Dott. DELL’ORFANO Antonella – Consigliere
Dott. BRUNO Francesco – Consigliere
ha pronunciato la seguente
ORDINANZA
sul ricorso iscritto al n. 11890/2025 R.G. proposto da:
A.A., B.B., C.C., rappresentate e difese dagli avvocati … (Omissis) e … (Omissis) – ricorrenti –
contro
COMUNE DI CARUGATE rappresentato e difeso dall’avvocato … (Omissis) – controricorrente –
avverso SENTENZA di CORTE DI GIUSTIZIA TRIBUTARIA II GRADO LOMBARDIA n. 805/2025 depositata il 27/03/2025.
Udita la relazione svolta nella camera di consiglio del 13/01/2026 dal Consigliere MARCO BENATTI.
Svolgimento del processo
Il Comune di Carugate notificò alle ricorrenti, tra loro sorelle e nella loro qualità di comproprietarie di un’area in quel Comune, avvisi d’accertamento IMU per l’anno 2017 sulla base di una valutazione che teneva conto dell’intervenuta modifica della destinazione urbanistica dell’area da agricola a edificabile, avvenuta nel 2009.
Le contribuenti impugnarono gli atti avanti alla Commissione Tributaria Provinciale di Milano che, previa riunione dei ricorsi e con la sentenza n. 3648/23, respinse il gravame. Ritenne in particolare il primo giudice che l’avere la ricorrente Carola iniziato un’attività agricola dopo la modifica della destinazione urbanistica non desse diritto all’esenzione dall’imposta.

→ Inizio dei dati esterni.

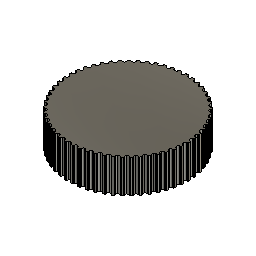
gear_57z (Autodesk Fusion 360 design; units mm, degrees)
Autodesk Fusion 360 part; units mm, degrees
sketch "Sketch1" plane through (0, 0, 0) normal (0, 0, 1) x (1, 0, 0) in component "gt2 pulley"
  circle A0 centre (0, 0) radius 18.1437 construction
  circle A1 centre (0, 0) radius 17.1397 construction
  line L0 (0, 0) -> (0, 18.1437) construction
  line L1 (0, 0) -> (0.9995, 18.1161) construction
  line L2 (0, 0) -> (1.4065, 18.0891) construction
  circle A2 centre (0, 0) radius 17.8897 construction
  arc A3 (0.3904, 17.7508) -> (0.4608, 17.4582) centre (1.3868, 17.8358) ccw
  circle A4 centre (0, 0) radius 17.7397 construction
  arc A5 (0.243, 17.888) -> (0, 17.8897) centre (0, 0) ccw
  arc A6 (0.3904, 17.7508) -> (0.243, 17.888) centre (0.241, 17.738) ccw
  arc A7 (0.4608, 17.4582) -> (0.9442, 17.1136) centre (0.9748, 17.6678) ccw
  arc A8 (0, 17.8897) -> (-0.243, 17.888) centre (0, 0) ccw
  arc A9 (-0.243, 17.888) -> (-0.3904, 17.7508) centre (-0.241, 17.738) ccw
  arc A10 (-0.4608, 17.4582) -> (-0.3904, 17.7508) centre (-1.3868, 17.8358) ccw
  arc A11 (-0.9442, 17.1136) -> (-0.4609, 17.4582) centre (-0.9748, 17.6678) ccw
  arc A12 (0.9442, 17.1136) -> (-0.9442, 17.1136) centre (0, 0) ccw
  point P0 (1.3868, 17.8358)
  point P1 (0, 17.8897)
  dimension "d18" = 36.2873
  dimension "d19" = 3.158
  dimension "d22" = 1.004
  dimension "d24" = 0.75
  dimension "d26" = 1
  dimension "d27" = 0.15
  dimension "d28" = 0.15
  dimension "d47" = 0.555
  dimension "d52" = 3.812
  constraint coincident A0.centre A1.centre
  constraint coincident A0 L0.end
  constraint vertical L0
  constraint coincident A0 L1.end
  constraint coincident A0 L2.end
  constraint concentric A1 A2
  constraint coincident A1 A7.end
  constraint coincident L1 A7.end
  constraint coincident A2 P0
  constraint coincident L2 P0
  constraint coincident P0 A3.centre
  constraint coincident A2 P1
  constraint coincident L0 P1
  constraint concentric A2 A4
  constraint coincident P1 A5.end
  constraint coincident A4 A6.centre
  constraint coincident A3.start A6.start
  constraint tangent A3 A6
  constraint tangent A3 A7
  constraint symmetric L0 A7.end A11.start
  constraint symmetric L0 A3.start A9.end
  constraint symmetric L0 A3.end A10.start
  constraint symmetric L0 A3 A10
  constraint symmetric L0 A5.start A8.end
  constraint symmetric L0 P1 A5.end
  constraint symmetric L0 A5 A8
  constraint symmetric L0 A6 A9
  constraint symmetric L0 A7 A11
  constraint coincident A1 A11.start
  constraint tangent A1 A7
  constraint coincident L1 A7.centre
  measures "d18" diameter of A0
  measures "d19" angle of L0 L1
  measures "d22" distance of A0 A1
  measures "d24" distance of A1 A2
  measures "d26" radius of A3
  measures "d27" distance of A2 A4
  measures "d28" radius of A6
  measures "d47" radius of A7
extrude "Extrude1" add sketch "Sketch1" along normal blind 10 makes body 1
pattern_circular "C-Pattern1" count 57 over 360 about axis through (0, 0, 1.75) along (0, 0, 1) of bodies 1 makes body 2 at (-1.1537, 17.1008, 3.3333) makes body 3 at (-4.4614, 16.5488, 6.6667) makes body 4 at (-4.8654, 16.4346, 3.3333) makes body 5 at (-6.6438, 15.7996, 3.3333) makes body 6 at (-8.3416, 14.9728, 3.3333) makes body 7 at (-9.9381, 13.9643, 3.3333) makes body 8 at (-11.414, 12.7863, 3.3333) makes body 9 at (-12.7513, 11.4531, 3.3333) makes body 10 at (-14.4059, 9.2865, 6.6667) makes body 11 at (-15.6105, 7.0766, 6.6667) makes body 12 at (-16.2943, 5.3164, 6.6667) makes body 13 at (-16.7802, 3.4916, 6.6667) makes body 14 at (-16.8607, 3.0796, 3.3333) makes body 15 at (-17.0972, 1.2061, 3.3333) makes body 16 at (-17.1261, -0.6821, 3.3333) makes body 17 at (-16.7133, -3.7993, 3.3333) makes body 18 at (-16.1939, -5.6149, 6.6667) makes body 19 at (-15.6536, -6.9809, 6.6667) makes body 20 at (-14.7906, -8.6606, 6.6667) makes body 21 at (-13.3628, -10.7332, 6.6667) makes body 22 at (-13.0959, -11.0573, 3.3333) makes body 23 at (-10.6923, -13.3957, 6.6667) makes body 24 at (-10.361, -13.6535, 3.3333) makes body 25 at (-8.0651, -15.1236, 6.6667) makes body 26 at (-5.7634, -16.1416, 6.6667) makes body 27 at (-3.9527, -16.6777, 6.6667) makes body 28 at (-2.094, -17.0113, 6.6667) makes body 29 at (-0.8394, -17.1191, 6.6667) makes body 30 at (0.2099, -17.1384, 3.3333) makes body 31 at (2.094, -17.0113, 3.3333) makes body 32 at (3.9527, -16.6777, 3.3333) makes body 33 at (6.5469, -15.84, 6.6667) makes body 34 at (8.2497, -15.0236, 6.6667) makes body 35 at (9.1537, -14.4906, 3.3333) makes body 36 at (10.6923, -13.3957, 3.3333) makes body 37 at (12.101, -12.1381, 3.3333) makes body 38 at (14.2329, -9.5495, 6.6667) makes body 39 at (15.197, -7.9258, 6.6667) makes body 40 at (15.7379, -6.7887, 6.6667) makes body 41 at (16.1239, -5.8128, 3.3333) makes body 42 at (16.6655, -4.0037, 3.3333) makes body 43 at (17.0048, -2.1461, 3.3333) makes body 44 at (17.1377, -0.2624, 3.3333) makes body 45 at (16.8972, 2.8729, 6.6667) makes body 46 at (16.4196, 4.9157, 6.6667) makes body 47 at (16.0144, 6.108, 6.6667) makes body 48 at (14.9472, 8.3874, 6.6667) makes body 49 at (14.7373, 8.751, 3.3333) makes body 50 at (13.5578, 10.4859, 6.6667) makes body 51 at (11.414, 12.7863, 6.6667) makes body 52 at (9.9381, 13.9643, 6.6667) makes body 53 at (8.3416, 14.9728, 6.6667) makes body 54 at (7.9723, 15.1727, 3.3333) makes body 55 at (4.8654, 16.4346, 6.6667) makes body 56 at (4.4614, 16.5488, 3.3333) makes body 57 at (1.1537, 17.1008, 6.6667)
sketch "Sketch2" plane through (0, 0, 10) normal (0, 0, 1) x (-1, 0, 0)
  arc A0 (-9.6282, -14.9178) -> (-9.5744, -15.1119) centre (-9.4942, -14.9852) ccw
  arc A1 (-9.5744, -15.1119) -> (-9.1605, -15.3664) centre (0, 0) ccw
  arc A2 (-9.1605, -15.3664) -> (-8.963, -15.3267) centre (-9.0836, -15.2376) ccw
  arc A3 (-8.7498, -15.1143) -> (-8.963, -15.3267) centre (-8.1587, -15.9209) ccw
  arc A4 (-8.1576, -15.0739) -> (-8.7498, -15.1143) centre (-8.4217, -15.562) ccw
  arc A5 (-9.7663, -14.085) -> (-8.1576, -15.0739) centre (0, 0) ccw
  arc A6 (-9.535, -14.6317) -> (-9.7663, -14.085) centre (-10.0826, -14.5411) ccw
  arc A7 (-9.6282, -14.9178) -> (-9.535, -14.6317) centre (-10.5216, -14.4685) ccw
  circle A8 centre (0, 0) radius 17.1397
  constraint coincident A1.centre A5.centre
extrude "Extrude2" add sketch "Sketch2" against normal blind 10 contours A5 A8 bodies 1 2 3 4 5 6 7 8 9 10 11 12 13 14 15 16 17 18 19 20 21 22 23 24 25 26 27 28 29 30 31 32 33 34 35 36 37 38 39 40 41 42 43 44 45 46 47 48 49 50 51 52 53 54 55 56 57
extrude "Extrude4" [suppressed] in component "gt2 pulley"
pattern_circular "C-Pattern7" [suppressed] in component "gt2 pulley"
extrude "Extrude3" [suppressed] in component "gt2 pulley"
pattern_circular "C-Pattern6" [suppressed] in component "gt2 pulley"
extrude "Extrude2'" [suppressed] in component "gt2 pulley"
pattern_circular "C-Pattern5" [suppressed] in component "gt2 pulley"
extrude "Extrude1'" [suppressed] in component "gt2 pulley"
pattern_circular "C-Pattern4" [suppressed] in component "gt2 pulley"
pattern_circular "C-Pattern3" [suppressed] in component "gt2 pulley"
pattern_circular "C-Pattern2" [suppressed] in component "gt2 pulley"
pattern_circular "C-Pattern1'" [suppressed] in component "gt2 pulley"
copy_body "Body->Comp1" [suppressed] in component "Component"
copy_body "Body->Comp2" [suppressed] in component "Component'"
copy_body "Body->Comp3" [suppressed] in component "Component''"
copy_body "Body->Comp4" [suppressed] in component "Component'''"
copy_body "Body->Comp5" [suppressed] in component "Component''''"
copy_body "Body->Comp6" [suppressed] in component "Component'''''"
copy_body "Body->Comp7" [suppressed] in component "Component''''''"
copy_body "Body->Comp8" [suppressed] in component "Component'''''''"
copy_body "Body->Comp9" [suppressed] in component "Component''''''''"
copy_body "Body->Comp10" [suppressed] in component "Component'''''''''"
copy_body "Body->Comp11" [suppressed] in component "Component''''''''''"
copy_body "Body->Comp12" [suppressed] in component "Component'''''''''''"
copy_body "Body->Comp13" [suppressed] in component "Component''''''''''''"
copy_body "Body->Comp14" [suppressed] in component "Component'''''''''''''"
copy_body "Body->Comp15" [suppressed] in component "Component''''''''''''''"
copy_body "Body->Comp16" [suppressed] in component "Component'''''''''''''''"
copy_body "Body->Comp17" [suppressed] in component "Component''''''''''''''''"
copy_body "Body->Comp18" [suppressed] in component "Component'''''''''''''''''"
copy_body "Body->Comp19" [suppressed] in component "Component''''''''''''''''''"
copy_body "Body->Comp20" [suppressed] in component "Component'''''''''''''''''''"
component "gt2 pulley" placed x (1, 0, 0) y (0, 1, 0) z (0, 0, 1) at (0, 0, 0)
equation "NumTeeth = 57" comment "min 20"
equation "ToothPitch = 2 mm"
equation "PullyDia = NumTeeth * ToothPitch / PI"
equation "ToothAng = ( ( 360 / NumTeeth ) * 1 deg )"
equation "TransOffsetAngle = ToothAng * 0.2"
equation "Sholulder_Radius = 0.15 mm"
equation "Root_Radius = 0.555 mm"
equation "TransRadius = 1 mm"
equation "ToolHeight = 0.75 mm"
equation "PLD = 0.254 mm"
equation "d18 = PullyDia"
equation "d19 = ToothAng / 2"
equation "d22 = PLD + ToolHeight"
equation "d24 = ToolHeight"
equation "d26 = TransRadius"
equation "d27 = Sholulder_Radius"
equation "d31 = NumTeeth"
equation "d33 = NumTeeth"
equation "d35 = NumTeeth"
equation "d37 = NumTeeth"
equation "d41 = NumTeeth"
equation "d45 = NumTeeth"
equation "d47 = Root_Radius"
equation "d50 = NumTeeth"

Le stesse comproprietarie proposero appello e la Corte di Giustizia Tributaria di II grado di Milano, con la sentenza indicata in epigrafe (n. 805/25) respinse l’appello ritenendo che le ricorrenti non avessero provato l’effettività dell’attività agricola di Carola nell’anno in esame (2017), come accertato dal giudice tributario in altre pronunce relative alle stesse parti e diverse annualità. Ritenendo le ricorrenti onerate alla specifica prova, il giudice d’appello valutò che essa non fosse stata raggiunta, respingendo altresì la censura relativa all’asserito obbligo del Comune di aggiornare il valore dell’area alla luce dell’intrapresa attività agricola nonché richiamando l’accordo transattivo sottoscritto dalle comproprietarie in relazione alle annualità 2009-2001 in cui le stesse avevano accettato la valutazione dell’area come proposta dall’ente locale.
Ricorrono per cassazione le contribuenti con tre motivi di gravame, integrati da successiva memoria.
Resiste il Comune con controricorso, anch’esso seguito da memoria.
Motivi della decisione
- Vanno preliminarmente affrontate le questioni sollevate nel controricorso in relazione alla inammissibilità della produzione documentale delle ricorrenti e del ricorso medesimo in quanto in violazione dell’art. 360, quarto comma, cod. proc. civ. nonché perché volto a sollecitare una rivalutazione del merito della controversia, preclusa a questa Corte.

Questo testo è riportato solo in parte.